▶ [TASK ITEM]: Work out how many lines in the data below contain the string "symbols", and reply with that figure alone.

▶ [PROVIDED RECORDS]:
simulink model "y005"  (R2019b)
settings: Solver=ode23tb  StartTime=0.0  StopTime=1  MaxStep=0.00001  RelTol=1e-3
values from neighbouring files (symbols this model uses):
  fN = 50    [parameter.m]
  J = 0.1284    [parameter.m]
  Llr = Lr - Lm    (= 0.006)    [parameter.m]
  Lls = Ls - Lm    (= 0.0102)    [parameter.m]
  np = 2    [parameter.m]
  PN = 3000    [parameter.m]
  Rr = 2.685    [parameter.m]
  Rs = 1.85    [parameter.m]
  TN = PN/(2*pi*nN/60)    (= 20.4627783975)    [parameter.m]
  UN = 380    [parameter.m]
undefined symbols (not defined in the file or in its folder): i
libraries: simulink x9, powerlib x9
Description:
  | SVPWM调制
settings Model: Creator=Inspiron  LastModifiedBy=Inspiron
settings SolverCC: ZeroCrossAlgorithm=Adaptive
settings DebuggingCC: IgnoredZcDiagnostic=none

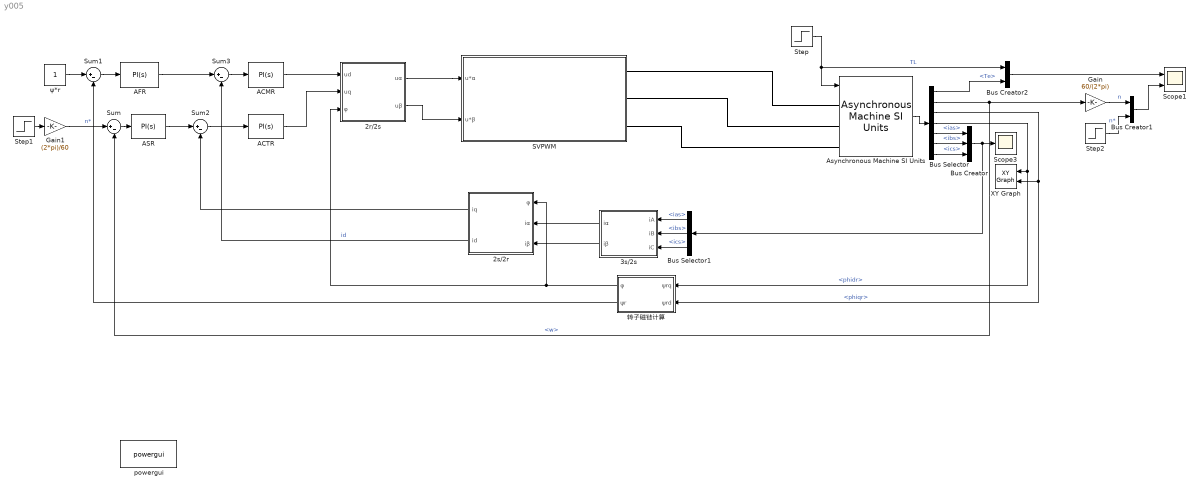
== system y005 ==
  2r/2s : Subsystem
  2s/2r : Subsystem
  3s/2s : Subsystem
  ACMR : simulink/Continuous/PID Controller  Controller=PI  Form=Parallel  TimeDomain=Continuous-time  SampleTime=-1  IntegratorMethod=Forward Euler  FilterMethod=Forward Euler  ControllerParametersSource=internal  P=30  I=2  D=0  UseFilter=on  N=100  TunerSelectOption=Transfer Function Based (PID Tuner App)  InitialConditionSource=internal  InitialConditionForIntegrator=0  InitialConditionForFilter=0  DifferentiatorICPrevScaledInput=0  ExternalReset=none  TrackingMode=off  Kt=1  LimitOutput=on  UpperSaturationLimit=500  LowerSaturationLimit=-500  LinearizeAsGain=on  AntiWindupMode=none  Kb=1  POutMin=[]  POutMax=[]  IOutMin=[]  IOutMax=[]  DOutMin=[]  DOutMax=[]  NOutMin=[]  NOutMax=[]  SumOutMin=[]  SumOutMax=[]  SaturationOutMin=[]  SaturationOutMax=[]  PParamMin=[]  PParamMax=[]  IParamMin=[]  IParamMax=[]  DParamMin=[]  DParamMax=[]  NParamMin=[]  NParamMax=[]  KbParamMin=[]  KbParamMax=[]  KtParamMin=[]  KtParamMax=[]  KbOutMin=[]  KbOutMax=[]  KtOutMin=[]  KtOutMax=[]  IntegratorOutMin=[]  IntegratorOutMax=[]  FilterOutMin=[]  FilterOutMax=[]  SumI1OutMin=[]  SumI1OutMax=[]  SumI2OutMin=[]  SumI2OutMax=[]  SumI3OutMin=[]  SumI3OutMax=[]  SumI4OutMin=[]  SumI4OutMax=[]  SumDOutMin=[]  SumDOutMax=[]  DifferentiatorOutMin=[]  DifferentiatorOutMax=[]  FilterDiffOutCoefMin=[]  FilterDiffOutCoefMax=[]  ReciprocalOutMin=[]  ReciprocalOutMax=[]  SumDenOutMin=[]  SumDenOutMax=[]  SumNumOutMin=[]  SumNumOutMax=[]  DivideOutMin=[]  DivideOutMax=[]  IntegratorContinuousStateAttributes=''  IntegratorStateMustResolveToSignalObject=off  IntegratorRTWStateStorageClass=Auto  FilterContinuousStateAttributes=''  FilterStateMustResolveToSignalObject=off  FilterRTWStateStorageClass=Auto  ParallelPVariant=InternalParameters  IdealPVariant=Disabled  IVariant=InternalParameters  DVariant=Disabled  IntegratorVariant=Continuous  SatVariant=Enabled  AWVariant=Passthrough  PCopyVariant=Disabled  TRVariant=Disabled  FdbkBlocksVariant=Forward  IdealPFdbkVariant=Disabled  SatFdbkVariant=Disabled  DerivativeFilterVariant=Disabled  NVariant=Disabled  NCopyVariant=Disabled_SignalSpec  FilterICVariant=Disabled  IntegratorICVariant=InternalICs  ExternalResetVariant=Disabled  TRSumVariant=Passthrough  SumFdbkVariant=Disabled  SumVariant=Sum_PI
  ACTR : simulink/Continuous/PID Controller  Controller=PI  Form=Parallel  TimeDomain=Continuous-time  SampleTime=-1  IntegratorMethod=Forward Euler  FilterMethod=Forward Euler  ControllerParametersSource=internal  P=50  I=10  D=0  UseFilter=on  N=100  TunerSelectOption=Transfer Function Based (PID Tuner App)  InitialConditionSource=internal  InitialConditionForIntegrator=0  InitialConditionForFilter=0  DifferentiatorICPrevScaledInput=0  ExternalReset=none  TrackingMode=off  Kt=1  LimitOutput=on  UpperSaturationLimit=500  LowerSaturationLimit=-500  LinearizeAsGain=on  AntiWindupMode=none  Kb=1  POutMin=[]  POutMax=[]  IOutMin=[]  IOutMax=[]  DOutMin=[]  DOutMax=[]  NOutMin=[]  NOutMax=[]  SumOutMin=[]  SumOutMax=[]  SaturationOutMin=[]  SaturationOutMax=[]  PParamMin=[]  PParamMax=[]  IParamMin=[]  IParamMax=[]  DParamMin=[]  DParamMax=[]  NParamMin=[]  NParamMax=[]  KbParamMin=[]  KbParamMax=[]  KtParamMin=[]  KtParamMax=[]  KbOutMin=[]  KbOutMax=[]  KtOutMin=[]  KtOutMax=[]  IntegratorOutMin=[]  IntegratorOutMax=[]  FilterOutMin=[]  FilterOutMax=[]  SumI1OutMin=[]  SumI1OutMax=[]  SumI2OutMin=[]  SumI2OutMax=[]  SumI3OutMin=[]  SumI3OutMax=[]  SumI4OutMin=[]  SumI4OutMax=[]  SumDOutMin=[]  SumDOutMax=[]  DifferentiatorOutMin=[]  DifferentiatorOutMax=[]  FilterDiffOutCoefMin=[]  FilterDiffOutCoefMax=[]  ReciprocalOutMin=[]  ReciprocalOutMax=[]  SumDenOutMin=[]  SumDenOutMax=[]  SumNumOutMin=[]  SumNumOutMax=[]  DivideOutMin=[]  DivideOutMax=[]  IntegratorContinuousStateAttributes=''  IntegratorStateMustResolveToSignalObject=off  IntegratorRTWStateStorageClass=Auto  FilterContinuousStateAttributes=''  FilterStateMustResolveToSignalObject=off  FilterRTWStateStorageClass=Auto  ParallelPVariant=InternalParameters  IdealPVariant=Disabled  IVariant=InternalParameters  DVariant=Disabled  IntegratorVariant=Continuous  SatVariant=Enabled  AWVariant=Passthrough  PCopyVariant=Disabled  TRVariant=Disabled  FdbkBlocksVariant=Forward  IdealPFdbkVariant=Disabled  SatFdbkVariant=Disabled  DerivativeFilterVariant=Disabled  NVariant=Disabled  NCopyVariant=Disabled_SignalSpec  FilterICVariant=Disabled  IntegratorICVariant=InternalICs  ExternalResetVariant=Disabled  TRSumVariant=Passthrough  SumFdbkVariant=Disabled  SumVariant=Sum_PI
  AFR : simulink/Continuous/PID Controller  Controller=PI  Form=Parallel  TimeDomain=Continuous-time  SampleTime=-1  IntegratorMethod=Forward Euler  FilterMethod=Forward Euler  ControllerParametersSource=internal  P=80  I=20  D=0  UseFilter=on  N=100  TunerSelectOption=Transfer Function Based (PID Tuner App)  InitialConditionSource=internal  InitialConditionForIntegrator=0  InitialConditionForFilter=0  DifferentiatorICPrevScaledInput=0  ExternalReset=none  TrackingMode=off  Kt=1  LimitOutput=on  UpperSaturationLimit=40  LowerSaturationLimit=-40  LinearizeAsGain=on  AntiWindupMode=none  Kb=1  POutMin=[]  POutMax=[]  IOutMin=[]  IOutMax=[]  DOutMin=[]  DOutMax=[]  NOutMin=[]  NOutMax=[]  SumOutMin=[]  SumOutMax=[]  SaturationOutMin=[]  SaturationOutMax=[]  PParamMin=[]  PParamMax=[]  IParamMin=[]  IParamMax=[]  DParamMin=[]  DParamMax=[]  NParamMin=[]  NParamMax=[]  KbParamMin=[]  KbParamMax=[]  KtParamMin=[]  KtParamMax=[]  KbOutMin=[]  KbOutMax=[]  KtOutMin=[]  KtOutMax=[]  IntegratorOutMin=[]  IntegratorOutMax=[]  FilterOutMin=[]  FilterOutMax=[]  SumI1OutMin=[]  SumI1OutMax=[]  SumI2OutMin=[]  SumI2OutMax=[]  SumI3OutMin=[]  SumI3OutMax=[]  SumI4OutMin=[]  SumI4OutMax=[]  SumDOutMin=[]  SumDOutMax=[]  DifferentiatorOutMin=[]  DifferentiatorOutMax=[]  FilterDiffOutCoefMin=[]  FilterDiffOutCoefMax=[]  ReciprocalOutMin=[]  ReciprocalOutMax=[]  SumDenOutMin=[]  SumDenOutMax=[]  SumNumOutMin=[]  SumNumOutMax=[]  DivideOutMin=[]  DivideOutMax=[]  IntegratorContinuousStateAttributes=''  IntegratorStateMustResolveToSignalObject=off  IntegratorRTWStateStorageClass=Auto  FilterContinuousStateAttributes=''  FilterStateMustResolveToSignalObject=off  FilterRTWStateStorageClass=Auto  ParallelPVariant=InternalParameters  IdealPVariant=Disabled  IVariant=InternalParameters  DVariant=Disabled  IntegratorVariant=Continuous  SatVariant=Enabled  AWVariant=Passthrough  PCopyVariant=Disabled  TRVariant=Disabled  FdbkBlocksVariant=Forward  IdealPFdbkVariant=Disabled  SatFdbkVariant=Disabled  DerivativeFilterVariant=Disabled  NVariant=Disabled  NCopyVariant=Disabled_SignalSpec  FilterICVariant=Disabled  IntegratorICVariant=InternalICs  ExternalResetVariant=Disabled  TRSumVariant=Passthrough  SumFdbkVariant=Disabled  SumVariant=Sum_PI
  ASR : simulink/Continuous/PID Controller  Controller=PI  Form=Parallel  TimeDomain=Continuous-time  SampleTime=-1  IntegratorMethod=Forward Euler  FilterMethod=Forward Euler  ControllerParametersSource=internal  P=15  I=5  D=0  UseFilter=on  N=100  TunerSelectOption=Transfer Function Based (PID Tuner App)  InitialConditionSource=internal  InitialConditionForIntegrator=0  InitialConditionForFilter=0  DifferentiatorICPrevScaledInput=0  ExternalReset=none  TrackingMode=off  Kt=1  LimitOutput=on  UpperSaturationLimit=40  LowerSaturationLimit=-40  LinearizeAsGain=on  AntiWindupMode=none  Kb=1  POutMin=[]  POutMax=[]  IOutMin=[]  IOutMax=[]  DOutMin=[]  DOutMax=[]  NOutMin=[]  NOutMax=[]  SumOutMin=[]  SumOutMax=[]  SaturationOutMin=[]  SaturationOutMax=[]  PParamMin=[]  PParamMax=[]  IParamMin=[]  IParamMax=[]  DParamMin=[]  DParamMax=[]  NParamMin=[]  NParamMax=[]  KbParamMin=[]  KbParamMax=[]  KtParamMin=[]  KtParamMax=[]  KbOutMin=[]  KbOutMax=[]  KtOutMin=[]  KtOutMax=[]  IntegratorOutMin=[]  IntegratorOutMax=[]  FilterOutMin=[]  FilterOutMax=[]  SumI1OutMin=[]  SumI1OutMax=[]  SumI2OutMin=[]  SumI2OutMax=[]  SumI3OutMin=[]  SumI3OutMax=[]  SumI4OutMin=[]  SumI4OutMax=[]  SumDOutMin=[]  SumDOutMax=[]  DifferentiatorOutMin=[]  DifferentiatorOutMax=[]  FilterDiffOutCoefMin=[]  FilterDiffOutCoefMax=[]  ReciprocalOutMin=[]  ReciprocalOutMax=[]  SumDenOutMin=[]  SumDenOutMax=[]  SumNumOutMin=[]  SumNumOutMax=[]  DivideOutMin=[]  DivideOutMax=[]  IntegratorContinuousStateAttributes=''  IntegratorStateMustResolveToSignalObject=off  IntegratorRTWStateStorageClass=Auto  FilterContinuousStateAttributes=''  FilterStateMustResolveToSignalObject=off  FilterRTWStateStorageClass=Auto  ParallelPVariant=InternalParameters  IdealPVariant=Disabled  IVariant=InternalParameters  DVariant=Disabled  IntegratorVariant=Continuous  SatVariant=Enabled  AWVariant=Passthrough  PCopyVariant=Disabled  TRVariant=Disabled  FdbkBlocksVariant=Forward  IdealPFdbkVariant=Disabled  SatFdbkVariant=Disabled  DerivativeFilterVariant=Disabled  NVariant=Disabled  NCopyVariant=Disabled_SignalSpec  FilterICVariant=Disabled  IntegratorICVariant=InternalICs  ExternalResetVariant=Disabled  TRSumVariant=Passthrough  SumFdbkVariant=Disabled  SumVariant=Sum_PI
  Asynchronous Machine SI Units : powerlib/Machines/Asynchronous Machine SI Units  RotorType=Squirrel-cage  PresetModel=No  MechanicalLoad=Torque Tm  ShowDetailedParameters=on  ReferenceFrame=Stationary  Units=SI  MeasurementBus=on  NominalParameters=[PN UN fN]  Stator=[Rs Lls]  Rotor=[Rr Llr]  Cage1=[0.4155 0.002066]  Cage2=[0.4168 0.0003495]  Lm=Lm  Mechanical=[J 0 np]  PolePairs=2  InitialConditions=[1 0 0 0 0 0 0 0]  SimulateSaturation=off  Saturation=[14.03593122, 27.81365428, 53.79336849, 72.68890987, 97.98006896, 148.6815601, 215.7428561, 302.9841135, 428.7778367 ; 230, 322, 414, 460, 506, 552, 598, 644, 690]  LoadFlowParameters=1492000  TsPowergui=0  TsBlock=-1  IterativeModel=Trapezoidal non iterative  IterativeDiscreteModel=Trapezoidal non iterative  Pmec=1.492e+006
      settings: SourceProductName=Simscape Electrical
  Bus Creator : BusCreator  Inputs=3
  Bus Creator1 : BusCreator  Inputs=2
  Bus Creator2 : BusCreator  Inputs=2
  Bus Selector : BusSelector  OutputSignals=Te,w,phiqr,phidr,ias,ibs,ics
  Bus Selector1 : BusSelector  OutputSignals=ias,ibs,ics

▶ [RESULT]: 2